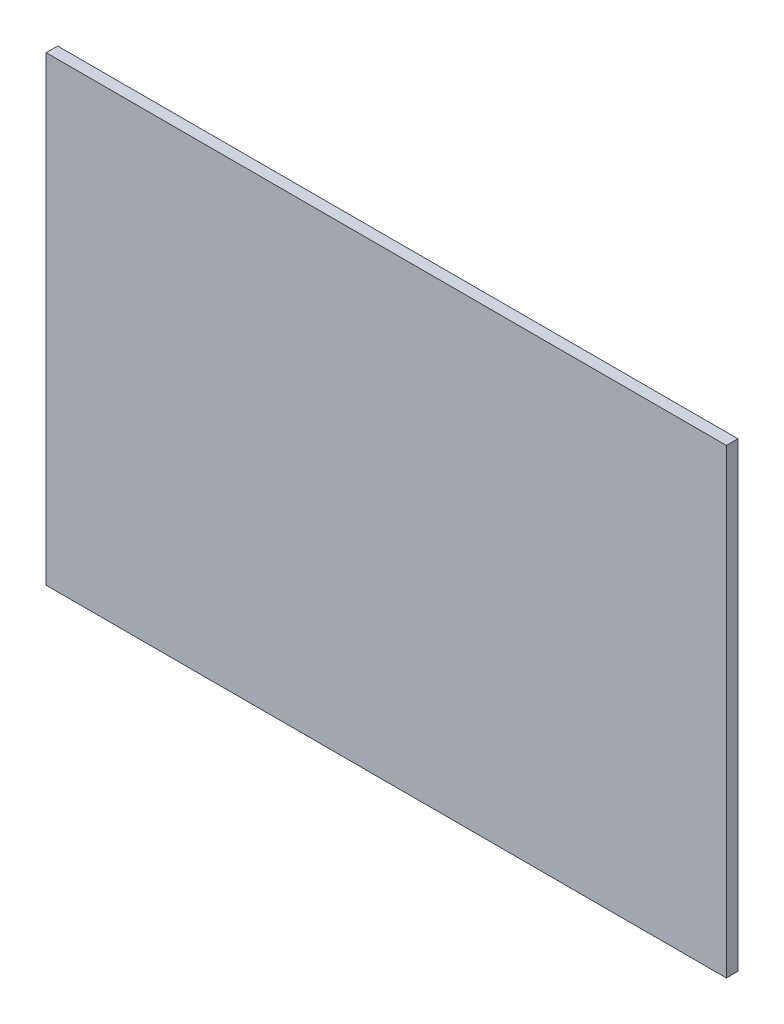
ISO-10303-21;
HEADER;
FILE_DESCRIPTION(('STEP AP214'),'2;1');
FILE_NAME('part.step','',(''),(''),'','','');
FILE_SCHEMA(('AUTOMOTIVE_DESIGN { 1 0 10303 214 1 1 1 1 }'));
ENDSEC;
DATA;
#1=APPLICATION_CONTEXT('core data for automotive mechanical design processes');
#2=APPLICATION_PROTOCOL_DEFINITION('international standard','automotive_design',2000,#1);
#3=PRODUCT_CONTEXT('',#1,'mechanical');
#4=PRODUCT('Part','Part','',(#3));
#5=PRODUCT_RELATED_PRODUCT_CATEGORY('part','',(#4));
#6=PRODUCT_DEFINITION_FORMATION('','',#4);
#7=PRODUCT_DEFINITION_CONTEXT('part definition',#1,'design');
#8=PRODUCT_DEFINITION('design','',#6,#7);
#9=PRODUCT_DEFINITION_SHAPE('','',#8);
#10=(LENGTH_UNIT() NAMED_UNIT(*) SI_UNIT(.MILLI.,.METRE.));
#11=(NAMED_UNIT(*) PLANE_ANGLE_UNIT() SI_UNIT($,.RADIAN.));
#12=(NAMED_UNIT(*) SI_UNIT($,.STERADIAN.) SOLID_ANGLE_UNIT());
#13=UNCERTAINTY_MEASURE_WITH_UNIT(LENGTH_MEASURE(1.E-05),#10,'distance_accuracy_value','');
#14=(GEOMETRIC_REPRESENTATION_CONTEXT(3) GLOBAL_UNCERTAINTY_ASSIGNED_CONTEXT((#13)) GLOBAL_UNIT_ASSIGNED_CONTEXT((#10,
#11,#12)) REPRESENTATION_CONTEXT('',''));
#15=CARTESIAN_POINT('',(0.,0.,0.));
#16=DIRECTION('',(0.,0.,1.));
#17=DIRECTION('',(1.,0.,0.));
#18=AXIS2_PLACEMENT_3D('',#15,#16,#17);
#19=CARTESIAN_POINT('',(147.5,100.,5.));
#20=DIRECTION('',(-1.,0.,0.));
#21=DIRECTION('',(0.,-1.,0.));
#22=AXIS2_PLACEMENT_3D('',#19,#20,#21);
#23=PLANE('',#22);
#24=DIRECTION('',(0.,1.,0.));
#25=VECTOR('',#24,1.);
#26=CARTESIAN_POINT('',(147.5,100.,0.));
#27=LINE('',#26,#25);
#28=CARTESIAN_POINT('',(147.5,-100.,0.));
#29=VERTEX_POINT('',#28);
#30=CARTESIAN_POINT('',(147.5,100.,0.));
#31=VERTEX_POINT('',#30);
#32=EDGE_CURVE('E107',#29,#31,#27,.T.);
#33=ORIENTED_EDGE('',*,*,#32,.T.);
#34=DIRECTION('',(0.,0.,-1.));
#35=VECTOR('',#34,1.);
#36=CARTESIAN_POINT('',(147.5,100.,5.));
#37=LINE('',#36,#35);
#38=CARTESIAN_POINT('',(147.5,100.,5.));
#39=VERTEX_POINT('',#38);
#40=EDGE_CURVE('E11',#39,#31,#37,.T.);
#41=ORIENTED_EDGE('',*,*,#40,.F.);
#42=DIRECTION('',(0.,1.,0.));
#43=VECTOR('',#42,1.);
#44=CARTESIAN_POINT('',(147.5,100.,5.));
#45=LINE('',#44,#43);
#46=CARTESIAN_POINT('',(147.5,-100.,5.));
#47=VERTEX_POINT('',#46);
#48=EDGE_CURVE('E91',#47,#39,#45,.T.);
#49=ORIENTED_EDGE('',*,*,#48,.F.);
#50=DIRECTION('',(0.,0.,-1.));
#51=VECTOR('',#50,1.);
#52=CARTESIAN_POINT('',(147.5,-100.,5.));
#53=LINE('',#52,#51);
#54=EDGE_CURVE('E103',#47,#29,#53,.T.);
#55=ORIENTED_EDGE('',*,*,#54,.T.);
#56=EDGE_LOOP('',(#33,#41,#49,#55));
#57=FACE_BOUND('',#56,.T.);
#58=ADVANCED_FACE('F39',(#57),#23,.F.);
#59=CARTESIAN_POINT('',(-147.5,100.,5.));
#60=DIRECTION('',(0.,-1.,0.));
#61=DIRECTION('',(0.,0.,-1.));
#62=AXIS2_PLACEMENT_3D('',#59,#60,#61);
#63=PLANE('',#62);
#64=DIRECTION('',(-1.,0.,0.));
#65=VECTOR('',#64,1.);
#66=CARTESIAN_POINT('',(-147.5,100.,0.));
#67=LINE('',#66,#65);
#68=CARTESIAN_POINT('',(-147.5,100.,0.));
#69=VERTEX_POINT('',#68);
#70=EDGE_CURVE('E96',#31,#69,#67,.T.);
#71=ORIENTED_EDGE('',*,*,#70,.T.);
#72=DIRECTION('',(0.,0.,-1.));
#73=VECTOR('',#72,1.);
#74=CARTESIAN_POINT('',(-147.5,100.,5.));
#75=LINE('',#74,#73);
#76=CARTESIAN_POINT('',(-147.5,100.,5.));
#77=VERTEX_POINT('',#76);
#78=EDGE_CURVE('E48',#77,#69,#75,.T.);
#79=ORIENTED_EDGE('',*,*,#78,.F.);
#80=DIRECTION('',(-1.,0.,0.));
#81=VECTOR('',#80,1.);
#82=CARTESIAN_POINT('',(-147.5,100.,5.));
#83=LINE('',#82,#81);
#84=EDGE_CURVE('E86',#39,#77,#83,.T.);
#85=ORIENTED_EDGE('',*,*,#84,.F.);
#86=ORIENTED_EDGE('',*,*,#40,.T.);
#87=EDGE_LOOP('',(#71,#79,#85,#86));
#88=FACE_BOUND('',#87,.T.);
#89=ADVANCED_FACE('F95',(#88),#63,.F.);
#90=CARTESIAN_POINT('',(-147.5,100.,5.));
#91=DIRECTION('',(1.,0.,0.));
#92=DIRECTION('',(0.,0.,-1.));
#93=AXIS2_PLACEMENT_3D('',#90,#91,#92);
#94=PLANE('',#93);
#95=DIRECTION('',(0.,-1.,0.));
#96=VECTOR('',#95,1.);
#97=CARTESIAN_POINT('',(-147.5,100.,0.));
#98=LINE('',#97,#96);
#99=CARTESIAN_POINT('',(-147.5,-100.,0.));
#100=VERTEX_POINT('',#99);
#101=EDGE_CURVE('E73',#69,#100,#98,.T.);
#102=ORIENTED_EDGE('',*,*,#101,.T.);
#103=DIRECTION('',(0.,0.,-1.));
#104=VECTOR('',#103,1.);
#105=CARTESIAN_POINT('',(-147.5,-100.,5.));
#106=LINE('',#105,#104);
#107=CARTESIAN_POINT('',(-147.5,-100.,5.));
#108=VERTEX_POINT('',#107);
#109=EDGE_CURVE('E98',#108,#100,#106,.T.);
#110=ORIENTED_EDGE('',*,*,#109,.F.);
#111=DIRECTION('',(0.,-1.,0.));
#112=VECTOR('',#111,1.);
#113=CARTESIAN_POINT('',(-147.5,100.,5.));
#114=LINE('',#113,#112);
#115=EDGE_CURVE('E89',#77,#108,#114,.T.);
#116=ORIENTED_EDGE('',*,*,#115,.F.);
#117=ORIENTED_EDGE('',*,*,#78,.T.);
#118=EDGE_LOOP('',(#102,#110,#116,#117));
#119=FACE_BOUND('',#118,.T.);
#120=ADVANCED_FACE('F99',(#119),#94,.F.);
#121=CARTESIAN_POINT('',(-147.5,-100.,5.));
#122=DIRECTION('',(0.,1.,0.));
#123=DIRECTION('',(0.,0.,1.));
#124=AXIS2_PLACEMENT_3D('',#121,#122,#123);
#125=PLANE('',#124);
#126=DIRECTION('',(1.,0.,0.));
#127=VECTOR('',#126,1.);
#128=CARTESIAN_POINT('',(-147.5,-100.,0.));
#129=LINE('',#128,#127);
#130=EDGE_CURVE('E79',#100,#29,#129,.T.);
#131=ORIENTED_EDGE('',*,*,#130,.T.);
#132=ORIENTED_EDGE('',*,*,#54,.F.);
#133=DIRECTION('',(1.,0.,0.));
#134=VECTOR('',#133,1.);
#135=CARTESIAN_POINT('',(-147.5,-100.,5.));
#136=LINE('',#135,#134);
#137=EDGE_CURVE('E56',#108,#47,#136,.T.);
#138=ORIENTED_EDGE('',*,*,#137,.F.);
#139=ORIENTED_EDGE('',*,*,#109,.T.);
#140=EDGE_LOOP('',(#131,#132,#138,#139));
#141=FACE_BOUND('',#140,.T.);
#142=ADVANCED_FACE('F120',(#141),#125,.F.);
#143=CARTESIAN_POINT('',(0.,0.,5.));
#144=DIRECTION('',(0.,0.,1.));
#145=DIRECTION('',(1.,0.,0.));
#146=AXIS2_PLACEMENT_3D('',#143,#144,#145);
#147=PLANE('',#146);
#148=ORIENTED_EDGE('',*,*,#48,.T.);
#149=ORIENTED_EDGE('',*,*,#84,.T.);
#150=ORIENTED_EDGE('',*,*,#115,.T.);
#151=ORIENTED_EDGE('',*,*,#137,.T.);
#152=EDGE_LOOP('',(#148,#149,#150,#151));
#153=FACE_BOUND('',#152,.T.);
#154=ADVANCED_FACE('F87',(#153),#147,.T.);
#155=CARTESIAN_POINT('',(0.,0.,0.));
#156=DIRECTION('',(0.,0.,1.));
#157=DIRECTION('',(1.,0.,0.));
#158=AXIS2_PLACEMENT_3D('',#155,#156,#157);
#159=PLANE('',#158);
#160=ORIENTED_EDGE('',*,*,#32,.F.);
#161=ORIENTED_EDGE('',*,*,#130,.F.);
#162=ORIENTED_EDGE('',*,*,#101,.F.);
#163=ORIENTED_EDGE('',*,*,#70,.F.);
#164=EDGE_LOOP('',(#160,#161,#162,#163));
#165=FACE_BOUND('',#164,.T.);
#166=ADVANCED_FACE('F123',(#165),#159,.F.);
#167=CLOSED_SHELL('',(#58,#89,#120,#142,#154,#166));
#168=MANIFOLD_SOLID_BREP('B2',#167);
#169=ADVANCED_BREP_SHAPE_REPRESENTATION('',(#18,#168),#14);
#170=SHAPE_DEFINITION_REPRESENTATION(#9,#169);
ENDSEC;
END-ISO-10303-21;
+ + + + + + +
### WORK TO BE COMPLETED
Reproduce exactly the lines above from the line with "#142=ADVANCED_FACE('F120',(#141),#125,.F.);" to the line with "#157=DIRECTION('',(1.,0.,0.));", including both, and add nothing.

### EXERCISE OUTPUT
#142=ADVANCED_FACE('F120',(#141),#125,.F.);
#143=CARTESIAN_POINT('',(0.,0.,5.));
#144=DIRECTION('',(0.,0.,1.));
#145=DIRECTION('',(1.,0.,0.));
#146=AXIS2_PLACEMENT_3D('',#143,#144,#145);
#147=PLANE('',#146);
#148=ORIENTED_EDGE('',*,*,#48,.T.);
#149=ORIENTED_EDGE('',*,*,#84,.T.);
#150=ORIENTED_EDGE('',*,*,#115,.T.);
#151=ORIENTED_EDGE('',*,*,#137,.T.);
#152=EDGE_LOOP('',(#148,#149,#150,#151));
#153=FACE_BOUND('',#152,.T.);
#154=ADVANCED_FACE('F87',(#153),#147,.T.);
#155=CARTESIAN_POINT('',(0.,0.,0.));
#156=DIRECTION('',(0.,0.,1.));
#157=DIRECTION('',(1.,0.,0.));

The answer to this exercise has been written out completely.